En 2015, des autorités togolaises alertaient déjà sur des zones où la mer avait avancé de 5 à 20 mètres en seulement quelques semaines.
En 2018, des reportages réalisés à Baguida et à Aného montraient des maisons détruites et des familles contraintes d’abandonner leurs habitations. Certains experts évoquaient alors une moyenne de 10 mètres de côte perdus chaque année dans plusieurs secteurs du littoral togolais.
Aujourd’hui, avec les effets du changement climatique, la montée des eaux et l’action humaine, l’érosion continue de s’accélérer sur les 50 à 56 kilomètres de côte que compte le Togo. Face à cette situation, le reboisement est le seul rempart pour freiner cette avancée. La question qui se pose est le choix des espèces à reboiser.
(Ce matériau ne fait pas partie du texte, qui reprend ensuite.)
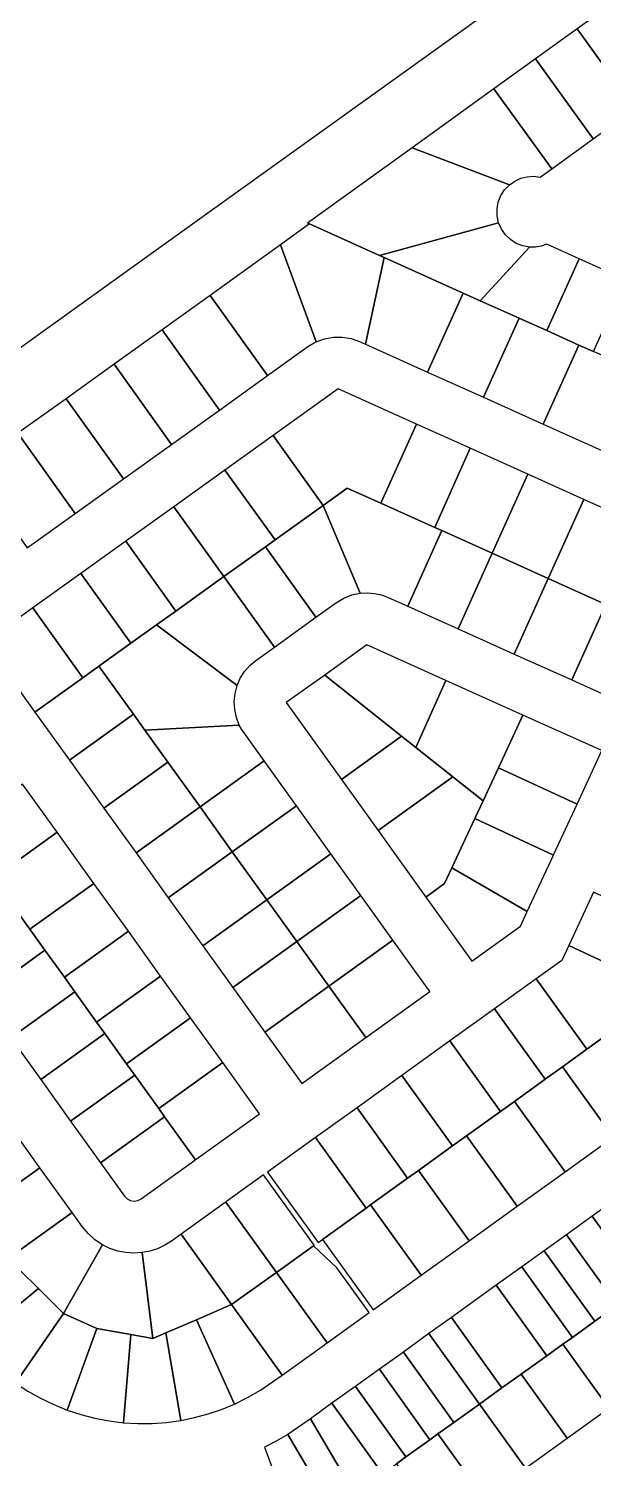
# Model space of a CAD drawing. Header units: metres. Extents: x 1641456 to 1644813, y 5693985 to 5698324.
# Drawn here: x 1643610 to 1643828, y 5694568 to 5695120 of the extents above; entities that cross this region are included whole.
import ezdxf

# ---------------------------------------------------------------- set-up
doc = ezdxf.new("R2010")
doc.units = ezdxf.units.M

msp = doc.modelspace()

# ---------------------------------------------------------------- linework, layer by layer
msp.add_lwpolyline([(1643029.38, 5694582.33), (1643228.55, 5694725.56), (1643336.18, 5694802.96), (1643389.38, 5694841.22), (1643380.63, 5694853.38), (1643291.2, 5694977.75), (1643404.73, 5695059.4), (1643491.91, 5694938.17), (1643500.97, 5694925.59), (1643500.97, 5694925.59), (1643517.62, 5694937.55), (1643593.8, 5694988.05), (1643662.2, 5695037.1), (1643827.02, 5695155.31), (1643825.24, 5695157.78), (1643907.79, 5695216.98), (1643910.57, 5695218.98), (1643928.1, 5695238.43), (1643937.97, 5695245.56), (1643961.98, 5695256), (1644153.25, 5695393.71), (1644482.21, 5695631.95)])
msp.add_lwpolyline([(1643029.38, 5694582.33), (1643228.55, 5694725.56), (1643336.18, 5694802.96), (1643389.38, 5694841.22), (1643380.63, 5694853.38), (1643291.2, 5694977.75), (1643404.73, 5695059.4), (1643491.91, 5694938.17), (1643500.97, 5694925.59), (1643500.97, 5694925.59), (1643517.62, 5694937.55), (1643593.8, 5694988.05), (1643662.2, 5695037.1), (1643827.02, 5695155.31), (1643825.24, 5695157.78), (1643907.79, 5695216.98), (1643910.57, 5695218.98), (1643928.1, 5695238.43), (1643937.97, 5695245.56), (1643961.98, 5695256), (1644153.25, 5695393.71), (1644482.21, 5695631.95)])
msp.add_lwpolyline([(1643029.38, 5694582.33), (1643228.55, 5694725.56), (1643336.18, 5694802.96), (1643389.38, 5694841.22), (1643380.63, 5694853.38), (1643291.2, 5694977.75), (1643404.73, 5695059.4), (1643491.91, 5694938.17), (1643500.97, 5694925.59), (1643500.97, 5694925.59), (1643517.62, 5694937.55), (1643593.8, 5694988.05), (1643662.2, 5695037.1), (1643827.02, 5695155.31), (1643825.24, 5695157.78), (1643907.79, 5695216.98), (1643910.57, 5695218.98), (1643928.1, 5695238.43), (1643937.97, 5695245.56), (1643961.98, 5695256), (1644153.25, 5695393.71), (1644482.21, 5695631.95)])
msp.add_lwpolyline([(1643029.38, 5694582.33), (1643228.55, 5694725.56), (1643336.18, 5694802.96), (1643389.38, 5694841.22), (1643380.63, 5694853.38), (1643291.2, 5694977.75), (1643404.73, 5695059.4), (1643491.91, 5694938.17), (1643500.97, 5694925.59), (1643500.97, 5694925.59), (1643517.62, 5694937.55), (1643593.8, 5694988.05), (1643662.2, 5695037.1), (1643827.02, 5695155.31), (1643825.24, 5695157.78), (1643907.79, 5695216.98), (1643910.57, 5695218.98), (1643928.1, 5695238.43), (1643937.97, 5695245.56), (1643961.98, 5695256), (1644153.25, 5695393.71), (1644482.21, 5695631.95)])
msp.add_lwpolyline([(1643029.38, 5694582.33), (1643228.55, 5694725.56), (1643336.18, 5694802.96), (1643389.38, 5694841.22), (1643380.63, 5694853.38), (1643291.2, 5694977.75), (1643404.73, 5695059.4), (1643491.91, 5694938.17), (1643500.97, 5694925.59), (1643500.97, 5694925.59), (1643517.62, 5694937.55), (1643593.8, 5694988.05), (1643662.2, 5695037.1), (1643827.02, 5695155.31), (1643825.24, 5695157.78), (1643907.79, 5695216.98), (1643910.57, 5695218.98), (1643928.1, 5695238.43), (1643937.97, 5695245.56), (1643961.98, 5695256), (1644153.25, 5695393.71), (1644482.21, 5695631.95)])
msp.add_lwpolyline([(1643029.38, 5694582.33), (1643228.55, 5694725.56), (1643336.18, 5694802.96), (1643389.38, 5694841.22), (1643380.63, 5694853.38), (1643291.2, 5694977.75), (1643404.73, 5695059.4), (1643491.91, 5694938.17), (1643500.97, 5694925.59), (1643500.97, 5694925.59), (1643517.62, 5694937.55), (1643593.8, 5694988.05), (1643662.2, 5695037.1), (1643827.02, 5695155.31), (1643825.24, 5695157.78), (1643907.79, 5695216.98), (1643910.57, 5695218.98), (1643928.1, 5695238.43), (1643937.97, 5695245.56), (1643961.98, 5695256), (1644153.25, 5695393.71), (1644482.21, 5695631.95)])
msp.add_lwpolyline([(1643029.38, 5694582.33), (1643228.55, 5694725.56), (1643336.18, 5694802.96), (1643389.38, 5694841.22), (1643380.63, 5694853.38), (1643291.2, 5694977.75), (1643404.73, 5695059.4), (1643491.91, 5694938.17), (1643500.97, 5694925.59), (1643500.97, 5694925.59), (1643517.62, 5694937.55), (1643593.8, 5694988.05), (1643662.2, 5695037.1), (1643827.02, 5695155.31), (1643825.24, 5695157.78), (1643907.79, 5695216.98), (1643910.57, 5695218.98), (1643928.1, 5695238.43), (1643937.97, 5695245.56), (1643961.98, 5695256), (1644153.25, 5695393.71), (1644482.21, 5695631.95)])
msp.add_lwpolyline([(1643029.38, 5694582.33), (1643228.55, 5694725.56), (1643336.18, 5694802.96), (1643389.38, 5694841.22), (1643380.63, 5694853.38), (1643291.2, 5694977.75), (1643404.73, 5695059.4), (1643491.91, 5694938.17), (1643500.97, 5694925.59), (1643500.97, 5694925.59), (1643517.62, 5694937.55), (1643593.8, 5694988.05), (1643662.2, 5695037.1), (1643827.02, 5695155.31), (1643825.24, 5695157.78), (1643907.79, 5695216.98), (1643910.57, 5695218.98), (1643928.1, 5695238.43), (1643937.97, 5695245.56), (1643961.98, 5695256), (1644153.25, 5695393.71), (1644482.21, 5695631.95)])
msp.add_lwpolyline([(1643029.38, 5694582.33), (1643228.55, 5694725.56), (1643336.18, 5694802.96), (1643389.38, 5694841.22), (1643380.63, 5694853.38), (1643291.2, 5694977.75), (1643404.73, 5695059.4), (1643491.91, 5694938.17), (1643500.97, 5694925.59), (1643500.97, 5694925.59), (1643517.62, 5694937.55), (1643593.8, 5694988.05), (1643662.2, 5695037.1), (1643827.02, 5695155.31), (1643825.24, 5695157.78), (1643907.79, 5695216.98), (1643910.57, 5695218.98), (1643928.1, 5695238.43), (1643937.97, 5695245.56), (1643961.98, 5695256), (1644153.25, 5695393.71), (1644482.21, 5695631.95)])
msp.add_lwpolyline([(1643029.38, 5694582.33), (1643228.55, 5694725.56), (1643336.18, 5694802.96), (1643389.38, 5694841.22), (1643380.63, 5694853.38), (1643291.2, 5694977.75), (1643404.73, 5695059.4), (1643491.91, 5694938.17), (1643500.97, 5694925.59), (1643500.97, 5694925.59), (1643517.62, 5694937.55), (1643593.8, 5694988.05), (1643662.2, 5695037.1), (1643827.02, 5695155.31), (1643825.24, 5695157.78), (1643907.79, 5695216.98), (1643910.57, 5695218.98), (1643928.1, 5695238.43), (1643937.97, 5695245.56), (1643961.98, 5695256), (1644153.25, 5695393.71), (1644482.21, 5695631.95)])
msp.add_lwpolyline([(1643029.38, 5694582.33), (1643228.55, 5694725.56), (1643336.18, 5694802.96), (1643389.38, 5694841.22), (1643380.63, 5694853.38), (1643291.2, 5694977.75), (1643404.73, 5695059.4), (1643491.91, 5694938.17), (1643500.97, 5694925.59), (1643500.97, 5694925.59), (1643517.62, 5694937.55), (1643593.8, 5694988.05), (1643662.2, 5695037.1), (1643827.02, 5695155.31), (1643825.24, 5695157.78), (1643907.79, 5695216.98), (1643910.57, 5695218.98), (1643928.1, 5695238.43), (1643937.97, 5695245.56), (1643961.98, 5695256), (1644153.25, 5695393.71), (1644482.21, 5695631.95)])
msp.add_lwpolyline([(1643029.38, 5694582.33), (1643228.55, 5694725.56), (1643336.18, 5694802.96), (1643389.38, 5694841.22), (1643380.63, 5694853.38), (1643291.2, 5694977.75), (1643404.73, 5695059.4), (1643491.91, 5694938.17), (1643500.97, 5694925.59), (1643500.97, 5694925.59), (1643517.62, 5694937.55), (1643593.8, 5694988.05), (1643662.2, 5695037.1), (1643827.02, 5695155.31), (1643825.24, 5695157.78), (1643907.79, 5695216.98), (1643910.57, 5695218.98), (1643928.1, 5695238.43), (1643937.97, 5695245.56), (1643961.98, 5695256), (1644153.25, 5695393.71), (1644482.21, 5695631.95)])
msp.add_lwpolyline([(1643029.38, 5694582.33), (1643228.55, 5694725.56), (1643336.18, 5694802.96), (1643389.38, 5694841.22), (1643380.63, 5694853.38), (1643291.2, 5694977.75), (1643404.73, 5695059.4), (1643491.91, 5694938.17), (1643500.97, 5694925.59), (1643500.97, 5694925.59), (1643517.62, 5694937.55), (1643593.8, 5694988.05), (1643662.2, 5695037.1), (1643827.02, 5695155.31), (1643825.24, 5695157.78), (1643907.79, 5695216.98), (1643910.57, 5695218.98), (1643928.1, 5695238.43), (1643937.97, 5695245.56), (1643961.98, 5695256), (1644153.25, 5695393.71), (1644482.21, 5695631.95)])
msp.add_lwpolyline([(1643029.38, 5694582.33), (1643228.55, 5694725.56), (1643336.18, 5694802.96), (1643389.38, 5694841.22), (1643380.63, 5694853.38), (1643291.2, 5694977.75), (1643404.73, 5695059.4), (1643491.91, 5694938.17), (1643500.97, 5694925.59), (1643500.97, 5694925.59), (1643517.62, 5694937.55), (1643593.8, 5694988.05), (1643662.2, 5695037.1), (1643827.02, 5695155.31), (1643825.24, 5695157.78), (1643907.79, 5695216.98), (1643910.57, 5695218.98), (1643928.1, 5695238.43), (1643937.97, 5695245.56), (1643961.98, 5695256), (1644153.25, 5695393.71), (1644482.21, 5695631.95)])
msp.add_lwpolyline([(1643029.38, 5694582.33), (1643228.55, 5694725.56), (1643336.18, 5694802.96), (1643389.38, 5694841.22), (1643380.63, 5694853.38), (1643291.2, 5694977.75), (1643404.73, 5695059.4), (1643491.91, 5694938.17), (1643500.97, 5694925.59), (1643500.97, 5694925.59), (1643517.62, 5694937.55), (1643593.8, 5694988.05), (1643662.2, 5695037.1), (1643827.02, 5695155.31), (1643825.24, 5695157.78), (1643907.79, 5695216.98), (1643910.57, 5695218.98), (1643928.1, 5695238.43), (1643937.97, 5695245.56), (1643961.98, 5695256), (1644153.25, 5695393.71), (1644482.21, 5695631.95)])
msp.add_lwpolyline([(1643029.38, 5694582.33), (1643228.55, 5694725.56), (1643336.18, 5694802.96), (1643389.38, 5694841.22), (1643380.63, 5694853.38), (1643291.2, 5694977.75), (1643404.73, 5695059.4), (1643491.91, 5694938.17), (1643500.97, 5694925.59), (1643500.97, 5694925.59), (1643517.62, 5694937.55), (1643593.8, 5694988.05), (1643662.2, 5695037.1), (1643827.02, 5695155.31), (1643825.24, 5695157.78), (1643907.79, 5695216.98), (1643910.57, 5695218.98), (1643928.1, 5695238.43), (1643937.97, 5695245.56), (1643961.98, 5695256), (1644153.25, 5695393.71), (1644482.21, 5695631.95)])
msp.add_lwpolyline([(1643029.38, 5694582.33), (1643228.55, 5694725.56), (1643336.18, 5694802.96), (1643389.38, 5694841.22), (1643380.63, 5694853.38), (1643291.2, 5694977.75), (1643404.73, 5695059.4), (1643491.91, 5694938.17), (1643500.97, 5694925.59), (1643500.97, 5694925.59), (1643517.62, 5694937.55), (1643593.8, 5694988.05), (1643662.2, 5695037.1), (1643827.02, 5695155.31), (1643825.24, 5695157.78), (1643907.79, 5695216.98), (1643910.57, 5695218.98), (1643928.1, 5695238.43), (1643937.97, 5695245.56), (1643961.98, 5695256), (1644153.25, 5695393.71), (1644482.21, 5695631.95)])
msp.add_lwpolyline([(1643029.38, 5694582.33), (1643228.55, 5694725.56), (1643336.18, 5694802.96), (1643389.38, 5694841.22), (1643380.63, 5694853.38), (1643291.2, 5694977.75), (1643404.73, 5695059.4), (1643491.91, 5694938.17), (1643500.97, 5694925.59), (1643500.97, 5694925.59), (1643517.62, 5694937.55), (1643593.8, 5694988.05), (1643662.2, 5695037.1), (1643827.02, 5695155.31), (1643825.24, 5695157.78), (1643907.79, 5695216.98), (1643910.57, 5695218.98), (1643928.1, 5695238.43), (1643937.97, 5695245.56), (1643961.98, 5695256), (1644153.25, 5695393.71), (1644482.21, 5695631.95)])
msp.add_lwpolyline([(1643029.38, 5694582.33), (1643228.55, 5694725.56), (1643336.18, 5694802.96), (1643389.38, 5694841.22), (1643380.63, 5694853.38), (1643291.2, 5694977.75), (1643404.73, 5695059.4), (1643491.91, 5694938.17), (1643500.97, 5694925.59), (1643500.97, 5694925.59), (1643517.62, 5694937.55), (1643593.8, 5694988.05), (1643662.2, 5695037.1), (1643827.02, 5695155.31), (1643825.24, 5695157.78), (1643907.79, 5695216.98), (1643910.57, 5695218.98), (1643928.1, 5695238.43), (1643937.97, 5695245.56), (1643961.98, 5695256), (1644153.25, 5695393.71), (1644482.21, 5695631.95)])
msp.add_lwpolyline([(1643029.38, 5694582.33), (1643228.55, 5694725.56), (1643336.18, 5694802.96), (1643389.38, 5694841.22), (1643380.63, 5694853.38), (1643291.2, 5694977.75), (1643404.73, 5695059.4), (1643491.91, 5694938.17), (1643500.97, 5694925.59), (1643500.97, 5694925.59), (1643517.62, 5694937.55), (1643593.8, 5694988.05), (1643662.2, 5695037.1), (1643827.02, 5695155.31), (1643825.24, 5695157.78), (1643907.79, 5695216.98), (1643910.57, 5695218.98), (1643928.1, 5695238.43), (1643937.97, 5695245.56), (1643961.98, 5695256), (1644153.25, 5695393.71), (1644482.21, 5695631.95)])
msp.add_lwpolyline([(1643029.38, 5694582.33), (1643228.55, 5694725.56), (1643336.18, 5694802.96), (1643389.38, 5694841.22), (1643380.63, 5694853.38), (1643291.2, 5694977.75), (1643404.73, 5695059.4), (1643491.91, 5694938.17), (1643500.97, 5694925.59), (1643500.97, 5694925.59), (1643517.62, 5694937.55), (1643593.8, 5694988.05), (1643662.2, 5695037.1), (1643827.02, 5695155.31), (1643825.24, 5695157.78), (1643907.79, 5695216.98), (1643910.57, 5695218.98), (1643928.1, 5695238.43), (1643937.97, 5695245.56), (1643961.98, 5695256), (1644153.25, 5695393.71), (1644482.21, 5695631.95)])
msp.add_lwpolyline([(1643029.38, 5694582.33), (1643228.55, 5694725.56), (1643336.18, 5694802.96), (1643389.38, 5694841.22), (1643380.63, 5694853.38), (1643291.2, 5694977.75), (1643404.73, 5695059.4), (1643491.91, 5694938.17), (1643500.97, 5694925.59), (1643500.97, 5694925.59), (1643517.62, 5694937.55), (1643593.8, 5694988.05), (1643662.2, 5695037.1), (1643827.02, 5695155.31), (1643825.24, 5695157.78), (1643907.79, 5695216.98), (1643910.57, 5695218.98), (1643928.1, 5695238.43), (1643937.97, 5695245.56), (1643961.98, 5695256), (1644153.25, 5695393.71), (1644482.21, 5695631.95)])
msp.add_lwpolyline([(1643029.38, 5694582.33), (1643228.55, 5694725.56), (1643336.18, 5694802.96), (1643389.38, 5694841.22), (1643380.63, 5694853.38), (1643291.2, 5694977.75), (1643404.73, 5695059.4), (1643491.91, 5694938.17), (1643500.97, 5694925.59), (1643500.97, 5694925.59), (1643517.62, 5694937.55), (1643593.8, 5694988.05), (1643662.2, 5695037.1), (1643827.02, 5695155.31), (1643825.24, 5695157.78), (1643907.79, 5695216.98), (1643910.57, 5695218.98), (1643928.1, 5695238.43), (1643937.97, 5695245.56), (1643961.98, 5695256), (1644153.25, 5695393.71), (1644482.21, 5695631.95)])
msp.add_lwpolyline([(1643029.38, 5694582.33), (1643228.55, 5694725.56), (1643336.18, 5694802.96), (1643389.38, 5694841.22), (1643380.63, 5694853.38), (1643291.2, 5694977.75), (1643404.73, 5695059.4), (1643491.91, 5694938.17), (1643500.97, 5694925.59), (1643500.97, 5694925.59), (1643517.62, 5694937.55), (1643593.8, 5694988.05), (1643662.2, 5695037.1), (1643827.02, 5695155.31), (1643825.24, 5695157.78), (1643907.79, 5695216.98), (1643910.57, 5695218.98), (1643928.1, 5695238.43), (1643937.97, 5695245.56), (1643961.98, 5695256), (1644153.25, 5695393.71), (1644482.21, 5695631.95)])
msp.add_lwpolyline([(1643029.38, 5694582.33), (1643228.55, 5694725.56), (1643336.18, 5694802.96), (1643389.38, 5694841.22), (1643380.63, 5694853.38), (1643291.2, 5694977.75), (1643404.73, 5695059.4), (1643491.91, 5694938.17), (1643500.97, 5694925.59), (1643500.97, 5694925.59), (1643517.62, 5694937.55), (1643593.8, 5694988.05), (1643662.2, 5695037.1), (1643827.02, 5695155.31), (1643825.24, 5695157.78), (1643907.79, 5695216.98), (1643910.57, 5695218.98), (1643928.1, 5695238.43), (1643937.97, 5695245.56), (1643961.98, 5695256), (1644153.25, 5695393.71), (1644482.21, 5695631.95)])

Les arbres, une protection naturelle contre l’avancée de la mer
Face à cette menace, les arbres jouent un rôle essentiel dans la protection des côtes. L’on peut noter Les mangroves, les cocotiers et d’autres espèces adaptées aux zones humides constituent de véritables barrières naturelles contre l’érosion marine. Leurs racines stabilisent les sols et réduisent la force des vagues.
Dans les zones côtières, les arbres permettent notamment de fixer le sable ; de ralentir l’érosion des berges ; de limiter les inondations ; de protéger les habitations ; de préserver la biodiversité marine et de réduire l’impact des vents violents.
Sur les côtes, dans la préfecture des Lacs, les mangroves sont particulièrement importantes. Elles absorbent l’énergie des vagues et empêchent le sable d’être rapidement emporté par l’océan. Dans le sud du Togo, précisément à Aného et environ, plusieurs programmes de reboisement des mangroves sont déjà utilisés pour freiner l’avancée de la mer et d’autres projets qui sont encore en cours d’exécution.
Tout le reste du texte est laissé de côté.